Requirement ▸
Exact copies of the lines from the start of the records through the line with "doc.layers.add('C-TOPO-MAJR', color=9, linetype='Continuous')" are what the answer must hold; pictures are not part of it.

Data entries
....
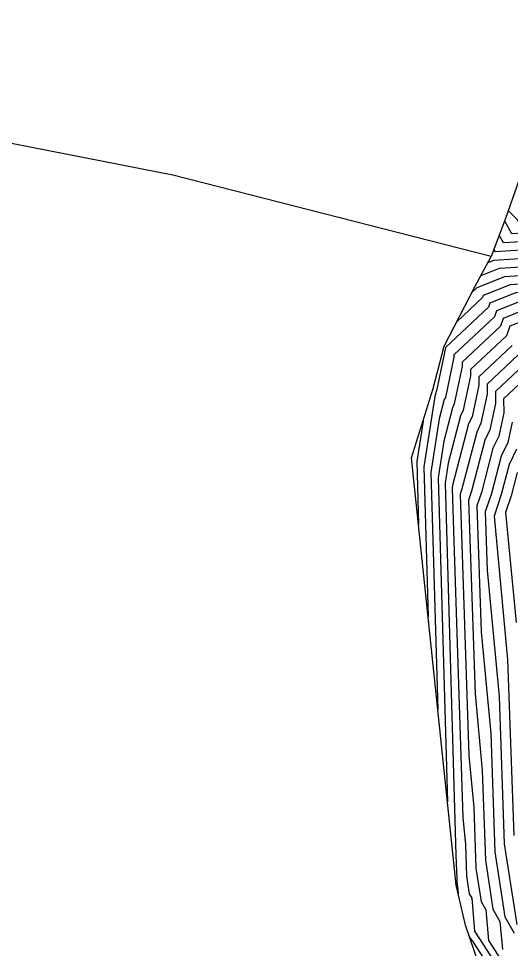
# Model space of a CAD drawing. Header units: metres. Extents: x 1097517 to 1097766, y 877052 to 877236.
# Drawn here: x 1097642.4 to 1097669.9, y 877140.7 to 877192.7 of the extents above; entities that cross this region are included whole.
import ezdxf

# ---------------------------------------------------------------- set-up
doc = ezdxf.new("R2010")
doc.units = ezdxf.units.M
doc.layers.add('C-TOPO-MAJR', color=9, linetype='Continuous')
doc.layers.add('C-TOPO-MINR', color=8, linetype='Continuous')

msp = doc.modelspace()

# ---------------------------------------------------------------- linework, layer by layer
at = {"color": 7, "true_color": 0xf0f0f0, "elevation": 1524.878, "flags": 128}
for points in [[(1097676.679, 877201.505), (1097674.818, 877196.16), (1097674.218, 877194.065), (1097673.4, 877192.323), (1097672.683, 877190.629), (1097672.07, 877188.467), (1097671.073, 877185.76), (1097669.598, 877181.506), (1097668.786, 877179.396)], [(1097669.377, 877136.138), (1097667.361, 877142.072), (1097666.837, 877144.309), (1097664.352, 877168.161), (1097665.56, 877172.021), (1097666.169, 877174.38), (1097667.902, 877177.745), (1097668.786, 877179.396), (1097651.036, 877183.937), (1097624.371, 877189.152)]]:
    msp.add_lwpolyline(points, dxfattribs=at)
at = {"layer": 'C-TOPO-MAJR', "color": 32, "linetype": 'Continuous', "lineweight": -3, "flags": 128}
for points, elevation in [([(1097727.199, 877195.951), (1097723.419, 877195.687), (1097721.465, 877195.887), (1097717.362, 877195.247), (1097710.44, 877195.325), (1097707.097, 877194.773), (1097697.799, 877192.112), (1097694.363, 877191.016), (1097693.098, 877190.438), (1097691.75, 877190.098), (1097690.664, 877189.403), (1097690.557, 877189.339), (1097689.731, 877188.987), (1097688.226, 877187.739), (1097688.026, 877187.701), (1097670.745, 877181.201), (1097670.735, 877181.189), (1097670.715, 877181.174), (1097670.405, 877181.155), (1097670.25, 877181.431), (1097669.75, 877181.945)], 1524), ([(1097727.706, 877194.751), (1097723.3, 877194.443), (1097721.71, 877194.606), (1097718.371, 877194.085), (1097710.605, 877194.172), (1097707.607, 877193.677), (1097697.305, 877190.729), (1097693.543, 877189.53), (1097693.4, 877189.438), (1097692.092, 877188.73), (1097691.84, 877188.598), (1097691.713, 877188.526), (1097690.845, 877188.155), (1097687.579, 877185.449), (1097687.145, 877185.365), (1097671.805, 877179.596), (1097671.707, 877179.483), (1097671.522, 877179.333), (1097668.934, 877179.174), (1097668.596, 877179.041)], 1525), ([(1097710.77, 877193.02), (1097708.117, 877192.582), (1097696.811, 877189.347), (1097694.437, 877188.59), (1097694.347, 877188.532), (1097693.521, 877188.085), (1097692.969, 877187.796), (1097692.691, 877187.636), (1097691.958, 877187.324), (1097686.932, 877183.158), (1097686.263, 877183.029), (1097672.865, 877177.99), (1097672.68, 877177.776), (1097672.328, 877177.492), (1097670.143, 877177.358), (1097668.718, 877176.796), (1097668.639, 877176.565), (1097666.247, 877174.311), (1097666.247, 877174.293), (1097665.737, 877171.893), (1097665.721, 877171.86), (1097665.648, 877171.579), (1097665.034, 877167.647), (1097665.278, 877159.276)], 1526), ([(1097669.97, 877174.435), (1097668.098, 877172.672), (1097668.102, 877172.221), (1097667.725, 877170.449), (1097667.53, 877170.051), (1097666.64, 877166.608), (1097666.616, 877166.453), (1097666.701, 877163.528), (1097667.209, 877148.092), (1097667.353, 877146.574), (1097667.414, 877144.806), (1097667.564, 877143.836), (1097667.703, 877143.591), (1097667.862, 877141.743), (1097670.494, 877137.664)], 1527), ([(1097669.956, 877170.149), (1097669.713, 877169.006), (1097669.339, 877168.243), (1097668.803, 877166.166), (1097668.462, 877165.148), (1097668.569, 877161.898), (1097669.238, 877154.842), (1097669.522, 877146.621), (1097670.218, 877142.11)], 1528)]:
    msp.add_lwpolyline(points, dxfattribs=dict(at, elevation=elevation))
at = {"layer": 'C-TOPO-MINR', "color": 8, "linetype": 'Continuous', "lineweight": -3, "flags": 128}
for points, elevation in [([(1097727.453, 877195.351), (1097723.36, 877195.065), (1097721.587, 877195.247), (1097717.867, 877194.666), (1097710.523, 877194.749), (1097707.352, 877194.225), (1097697.552, 877191.421), (1097693.93, 877190.266), (1097693.315, 877189.984), (1097692.659, 877189.819), (1097691.987, 877189.389), (1097691.922, 877189.347), (1097691.377, 877189.053), (1097691.275, 877189), (1097691.224, 877188.97), (1097690.288, 877188.571), (1097687.903, 877186.594), (1097687.585, 877186.533), (1097671.275, 877180.398), (1097671.221, 877180.336), (1097671.119, 877180.253), (1097669.483, 877180.153), (1097669.243, 877180.583)], 1524.5), ([(1097727.326, 877195.651), (1097723.389, 877195.376), (1097721.526, 877195.567), (1097717.614, 877194.956), (1097710.482, 877195.037), (1097707.224, 877194.499), (1097697.675, 877191.767), (1097694.146, 877190.641), (1097693.206, 877190.211), (1097692.204, 877189.959), (1097691.179, 877189.302), (1097691.162, 877189.291), (1097691.02, 877189.214), (1097690.993, 877189.2), (1097690.98, 877189.193), (1097690.01, 877188.779), (1097688.064, 877187.167), (1097687.805, 877187.117), (1097671.01, 877180.8), (1097670.978, 877180.763), (1097670.917, 877180.713), (1097669.944, 877180.654), (1097669.545, 877181.368)], 1524.25), ([(1097727.58, 877195.051), (1097723.33, 877194.754), (1097721.648, 877194.926), (1097718.119, 877194.375), (1097710.564, 877194.46), (1097707.479, 877193.951), (1097697.428, 877191.075), (1097693.714, 877189.89), (1097693.423, 877189.757), (1097693.113, 877189.679), (1097692.796, 877189.476), (1097692.682, 877189.404), (1097691.735, 877188.892), (1097691.558, 877188.799), (1097691.469, 877188.748), (1097690.566, 877188.363), (1097687.741, 877186.021), (1097687.365, 877185.949), (1097671.54, 877179.997), (1097671.464, 877179.909), (1097671.32, 877179.793), (1097669.022, 877179.652), (1097668.941, 877179.798)], 1524.75), ([(1097727.96, 877194.151), (1097723.24, 877193.821), (1097721.832, 877193.965), (1097718.875, 877193.504), (1097710.688, 877193.596), (1097707.862, 877193.13), (1097697.058, 877190.038), (1097693.99, 877189.06), (1097693.873, 877188.985), (1097692.807, 877188.408), (1097692.404, 877188.197), (1097692.202, 877188.081), (1097691.402, 877187.74), (1097687.256, 877184.303), (1097686.704, 877184.197), (1097672.335, 877178.793), (1097672.194, 877178.629), (1097671.925, 877178.412), (1097669.539, 877178.266), (1097667.982, 877177.653), (1097667.974, 877177.63), (1097667.719, 877177.39)], 1525.5), ([(1097727.833, 877194.451), (1097723.27, 877194.132), (1097721.771, 877194.286), (1097718.623, 877193.794), (1097710.647, 877193.884), (1097707.734, 877193.403), (1097697.181, 877190.384), (1097693.767, 877189.295), (1097693.637, 877189.211), (1097692.449, 877188.569), (1097692.122, 877188.398), (1097691.958, 877188.303), (1097691.123, 877187.948), (1097687.417, 877184.876), (1097686.924, 877184.781), (1097672.07, 877179.194), (1097671.951, 877179.056), (1097671.723, 877178.872), (1097669.236, 877178.72), (1097668.207, 877178.315)], 1525.25), ([(1097728.087, 877193.851), (1097723.211, 877193.51), (1097721.893, 877193.645), (1097719.128, 877193.213), (1097710.729, 877193.308), (1097707.99, 877192.856), (1097696.934, 877189.692), (1097694.214, 877188.825), (1097694.11, 877188.758), (1097693.164, 877188.246), (1097692.686, 877187.996), (1097692.446, 877187.858), (1097691.68, 877187.532), (1097687.094, 877183.731), (1097686.484, 877183.613), (1097672.6, 877178.391), (1097672.437, 877178.203), (1097672.127, 877177.952), (1097669.841, 877177.812), (1097668.35, 877177.224), (1097668.306, 877177.098), (1097666.873, 877175.747)], 1525.75), ([(1097670.446, 877176.904), (1097669.086, 877176.368), (1097668.972, 877176.033), (1097666.709, 877173.901), (1097666.711, 877173.775), (1097666.234, 877171.532), (1097666.173, 877171.408), (1097665.896, 877170.336), (1097665.429, 877167.348), (1097665.815, 877154.122)], 1526.25), ([(1097670.748, 877176.45), (1097669.455, 877175.94), (1097669.304, 877175.5), (1097667.172, 877173.492), (1097667.174, 877173.257), (1097666.731, 877171.171), (1097666.626, 877170.956), (1097666.144, 877169.093), (1097665.825, 877167.05), (1097666.352, 877148.968)], 1526.5), ([(1097671.051, 877175.996), (1097669.823, 877175.512), (1097669.637, 877174.968), (1097667.635, 877173.082), (1097667.638, 877172.739), (1097667.228, 877170.81), (1097667.078, 877170.503), (1097666.392, 877167.851), (1097666.221, 877166.751), (1097666.825, 877145.992), (1097666.87, 877144.64), (1097666.882, 877144.507), (1097666.888, 877144.353), (1097666.901, 877144.268), (1097666.913, 877144.246), (1097666.948, 877143.834)], 1526.75), ([(1097670.302, 877173.903), (1097668.561, 877172.262), (1097668.565, 877171.703), (1097668.222, 877170.088), (1097667.982, 877169.599), (1097667.143, 877166.352), (1097667.069, 877166.13), (1097667.549, 877151.543), (1097667.825, 877148.641), (1097667.941, 877145.26), (1097668.227, 877143.405), (1097668.492, 877142.937), (1097668.639, 877141.233), (1097671.066, 877137.472)], 1527.25), ([(1097670.635, 877173.371), (1097669.023, 877171.852), (1097669.029, 877171.185), (1097668.719, 877169.727), (1097668.435, 877169.147), (1097667.696, 877166.29), (1097667.533, 877165.803), (1097667.889, 877154.995), (1097668.296, 877150.708), (1097668.468, 877145.714), (1097668.891, 877142.973), (1097669.282, 877142.282), (1097669.416, 877140.722)], 1527.5), ([(1097670.967, 877172.838), (1097669.486, 877171.442), (1097669.493, 877170.667), (1097669.216, 877169.366), (1097668.887, 877168.695), (1097668.25, 877166.228), (1097667.998, 877165.475), (1097668.229, 877158.446), (1097668.767, 877152.775), (1097668.995, 877146.167), (1097669.554, 877142.542), (1097670.072, 877141.627)], 1527.75), ([(1097664.991, 877170.204), (1097664.638, 877167.945), (1097664.741, 877164.43)], 1525.75), ([(1097670.21, 877168.645), (1097669.791, 877167.79), (1097669.356, 877166.105), (1097668.952, 877164.896), (1097669.709, 877156.908), (1097670.048, 877147.075)], 1528.25), ([(1097670.244, 877167.338), (1097669.909, 877166.043), (1097669.598, 877165.114), (1097670.181, 877158.975)], 1528.5), ([(1097687.098, 877101.106), (1097686.538, 877102.349), (1097685.915, 877103.932), (1097685.235, 877106.015), (1097685.345, 877107.553), (1097684.578, 877109.663), (1097683.663, 877113.105), (1097682.483, 877114.634), (1097678.681, 877120.715), (1097677.732, 877122.765), (1097675.968, 877125.946), (1097675.648, 877126.548), (1097675.339, 877127.306), (1097675.117, 877127.872), (1097674.68, 877129.552), (1097673.759, 877132.255), (1097673.393, 877133.218), (1097671.659, 877135.112), (1097670.482, 877137.126), (1097670.002, 877137.738), (1097669.922, 877137.857), (1097667.812, 877141.127), (1097667.58, 877141.428)], 1526.75)]:
    msp.add_lwpolyline(points, dxfattribs=dict(at, elevation=elevation))

doc.saveas('drawing.dxf')
....
Solution for this problem ▸
# Model space of a CAD drawing. Header units: metres. Extents: x 1097517 to 1097766, y 877052 to 877236.
# Drawn here: x 1097642.4 to 1097669.9, y 877140.7 to 877192.7 of the extents above; entities that cross this region are included whole.
import ezdxf

# ---------------------------------------------------------------- set-up
doc = ezdxf.new("R2010")
doc.units = ezdxf.units.M
doc.layers.add('C-TOPO-MAJR', color=9, linetype='Continuous')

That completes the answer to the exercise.